Scheint soweit alles zu funktionieren. Wenn ich die Landau-Notation richtig verstanden habe (kann durchaus sein, dass das nicht der Fall ist), dann hat die dritte Methode eine Laufzeit von O(1) und ist damit kaum zu toppen.

Da sind jedoch noch die ersten beiden Methoden. Also eine kleine Fallunterscheidung.

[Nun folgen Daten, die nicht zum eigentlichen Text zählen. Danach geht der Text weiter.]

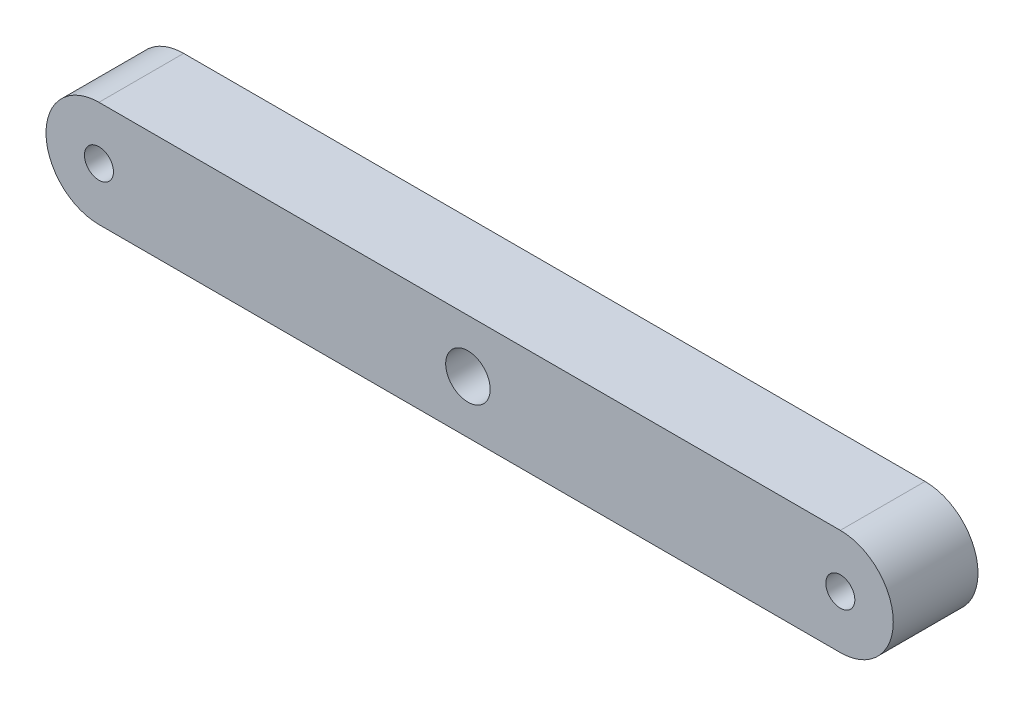
SolidWorks part; units mm, degrees
ref_plane "Front Plane" through (0, 0, 0) normal (0, 0, 1) x (1, 0, 0)
ref_plane "Top Plane" through (0, 0, 0) normal (0, 1, 0) x (1, 0, 0)
ref_plane "Right Plane" through (0, 0, 0) normal (1, 0, 0) x (0, 0, -1)
sketch "Sketch1" plane through (0, 0, 0) normal (0, 0, 1) x (1, 0, 0)
  line L0 (0, 0) -> (88.9, 0) construction
  line L1 (0, 6.35) -> (88.9, 6.35)
  line L2 (0, -6.35) -> (88.9, -6.35)
  arc A0 (0, 6.35) -> (0, -6.35) centre (0, 0) ccw
  arc A1 (88.9, -6.35) -> (88.9, 6.35) centre (88.9, 0) ccw
  point P3 (44.45, 0)
  dimension "D1" = 6.35
  dimension "D2" = 88.9
extrude "Boss-Extrude1" add sketch "Sketch1" along normal blind 10.16
sketch "Sketch2" plane through (0, 0, 10.16) normal (0, 0, 1) x (1, 0, 0)
  circle A0 centre (0, 0) radius 1.7399
  dimension "D1" = 3.4798
extrude "Cut-Extrude1" cut sketch "Sketch2" against normal through all both and the other way through all
ref_plane "Plane1" through (44.45, 0, 0) normal (1, 0, 0) x (0, 0, -1)
mirror "Mirror1" about plane through (44.45, 0, 0) normal (1, 0, 0) of "Cut-Extrude1"
sketch "Sketch3" plane through (0, 0, 10.16) normal (0, 0, 1) x (1, 0, 0)
  line L0 (88.9, 6.35) -> (0, 6.35) construction
  circle A0 centre (44.2468, 0) radius 2.667
  dimension "D1" = 5.334
  dimension "D2" = 6.35
  dimension "D3" = 44.2468
extrude "Cut-Extrude2" cut sketch "Sketch3" against normal through all both and the other way through all
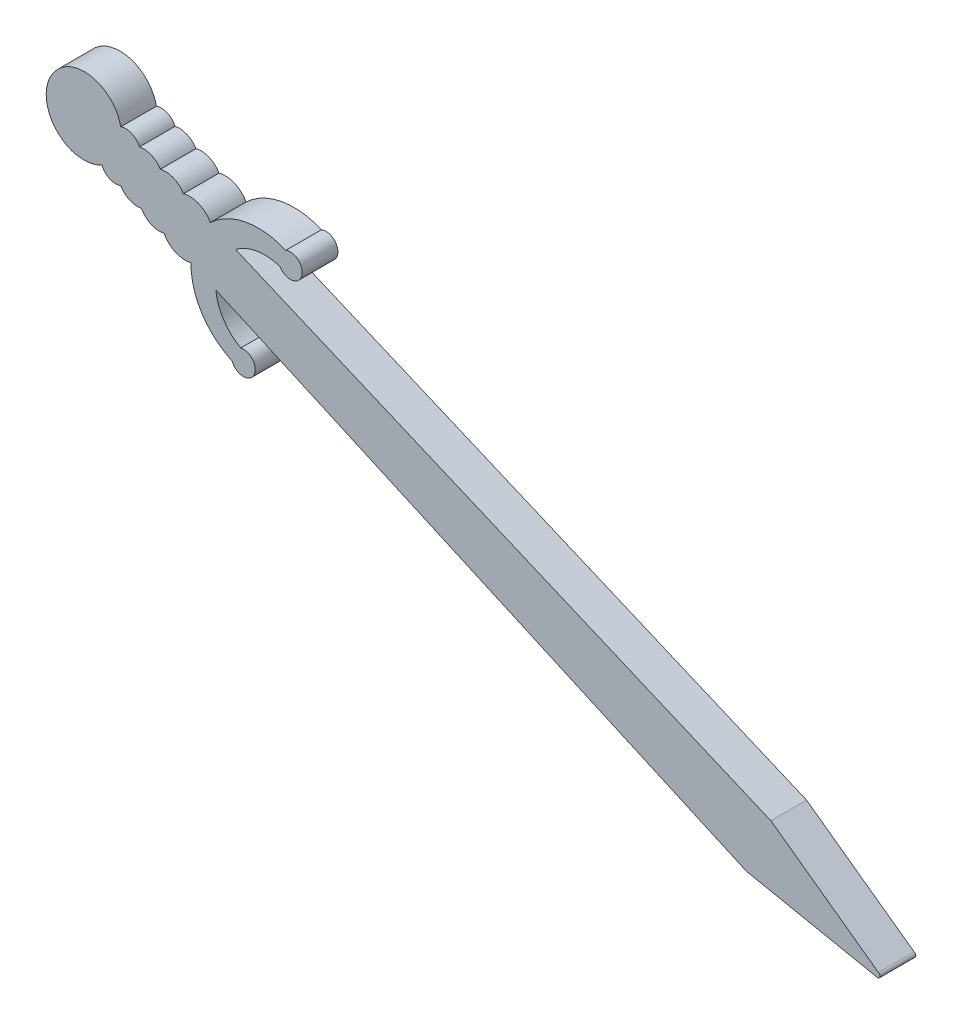
SolidWorks part; units mm, degrees
ref_plane "Alzado" through (0, 0, 0) normal (0, 0, 1) x (1, 0, 0)
ref_plane "Planta" through (0, 0, 0) normal (0, 1, 0) x (1, 0, 0)
ref_plane "Vista lateral" through (0, 0, 0) normal (1, 0, 0) x (0, 0, -1)
sketch "Model" plane through (0, 0, 0) normal (0, 0, 1) x (1, 0, 0)
  line L0 (66.714, 2.6754) -> (68.5381, 2.3067)
  line L1 (12.9786, 24.5443) -> (16.5464, 22.9427)
  line L2 (16.5464, 22.9427) -> (57.5858, 4.5202)
  line L3 (57.5858, 4.5202) -> (66.714, 2.6754)
  line L4 (14.6289, 28.3254) -> (18.2292, 26.7984)
  line L5 (18.2292, 26.7984) -> (59.6428, 9.233)
  line L6 (59.6428, 9.233) -> (68.6938, 2.7017)
  arc A0 (10.2421, 30.1861) -> (8.3105, 31.0053) centre (8.7357, 29.3212) ccw
  arc A1 (8.3105, 31.0053) -> (6.5511, 31.7516) centre (6.8958, 30.117) ccw
  arc A2 (6.5511, 31.7516) -> (4.9803, 32.4348) centre (5.3941, 31.2387) ccw
  arc A3 (12.5142, 29.2224) -> (10.2421, 30.1861) centre (10.7726, 28.2765) ccw
  arc A4 (18.8569, 30.3748) -> (12.5142, 29.2224) centre (16.5615, 24.9776) ccw
  arc A5 (8.6314, 26.4957) -> (10.883, 25.485) centre (10.3923, 27.4052) ccw
  arc A6 (6.7173, 27.355) -> (8.6314, 26.4957) centre (8.2413, 28.1884) ccw
  arc A7 (4.9738, 28.1376) -> (6.7173, 27.355) centre (6.4067, 28.9963) ccw
  arc A8 (3.3956, 28.8461) -> (4.9738, 28.1376) centre (4.5631, 29.3348) ccw
  arc A9 (1.4838, 28.4963) -> (3.3956, 28.8461) centre (1.894, 31.6534) ccw
  arc A10 (10.883, 25.485) -> (14.3507, 20.0506) centre (16.7474, 25.4036) ccw
  arc A11 (0.0625, 29.0492) -> (1.4838, 28.4963) centre (1.6977, 31.1491) ccw
  arc A12 (-0.6913, 33.5115) -> (0.0625, 29.0492) centre (1.894, 31.6534) ccw
  arc A13 (4.9803, 32.4348) -> (-0.6913, 33.5115) centre (1.9191, 31.7856) ccw
  arc A14 (68.5381, 2.3067) -> (68.6938, 2.7017) centre (68.6159, 2.5042) ccw
  arc A15 (18.3759, 28.9462) -> (18.8569, 30.3748) centre (19.2392, 29.4508) ccw
  arc A16 (18.3759, 28.9462) -> (14.6289, 28.3254) centre (17.0882, 25.0997) ccw
  arc A17 (14.3507, 20.0506) -> (15.0712, 21.3747) centre (15.2882, 20.3986) ccw
  arc A18 (12.9786, 24.5443) -> (15.0712, 21.3747) centre (17.016, 24.9343) ccw
extrude "Saliente-Extruir1" add sketch "Model" along normal blind 3

Gilt jeweils fuer einen Methodenaufruf bei der rekursiven oder einen Schleifendurchlauf bei der iterativen Methode:

Falls Zeiger.next != null:
rekursiv: 1 Abfrage + 1 Methodenaufruf = 2
iterativ: 1 Abfrage + 1 Zuweisung = 2

Falls Zeiger.next == null:
rekursiv: 1 Abfrage + 1 Zuweisung = 2
iterativ: 1 Abfrage + 1 Zuweisung = 2

Fuer beide Methoden gilt (glaube ich) eine Laufzeit von O(n), n entspricht der Anzahl der Listenelemente. Damit sind sie deutlich langsamer als die 3. Methode, aber welche von den beiden ersten ist schneller? Dauert ein Methodenaufruf laenger als eine Zuweisung oder ist die iterative Methode sowieso aufgrund der geringeren (?) Arbeitsspeicherbelastung vorzuziehen?

Mir kommen rekursive Algorithmen immer ein wenig eleganter vor...

Vielen Dank fuer Antworten!

Jake


----------



## Dekker (26. Okt 2011)

Die dritte Methode ist die Performanteste. Wenn du immer ans Ende anfügst, merk dir das letzte Element. Die Rekursive und die Iterative Variante gehen beide, allerdings ist in Java die iterative Variante vorzuziehen. Java muss bei der Rekursion immer auf den Stack schreiben und bei einer Liste dir voll genug ist, kann es dann zu einem Stackoverflow kommen.


----------



## Jake?! (26. Okt 2011)

Alles klar, soweit schon mal danke! 

bleibt nur noch die Frage (ja, ich weiß, für dieses Beispiel spielt es keine unglaublich große Rolle, aber es interessiert mich allgemein) ob ein Methodenaufruf länger dauert als eine Zuweisung

Jake


----------



## nillehammer (26. Okt 2011)

> Dauert ein Methodenaufruf laenger als eine Zuweisung


Tendenzell ja. Eine Zuweisung ist nur das Speichern eines Werts (bei primitiven) oder einer Referenz (bei Objekten) in einem Speicherbereich, dem Du einen Namen gegeben hast. Methoden enthalten mindestens mehrere Opertationen manchmal sogar sehr Komplizierte.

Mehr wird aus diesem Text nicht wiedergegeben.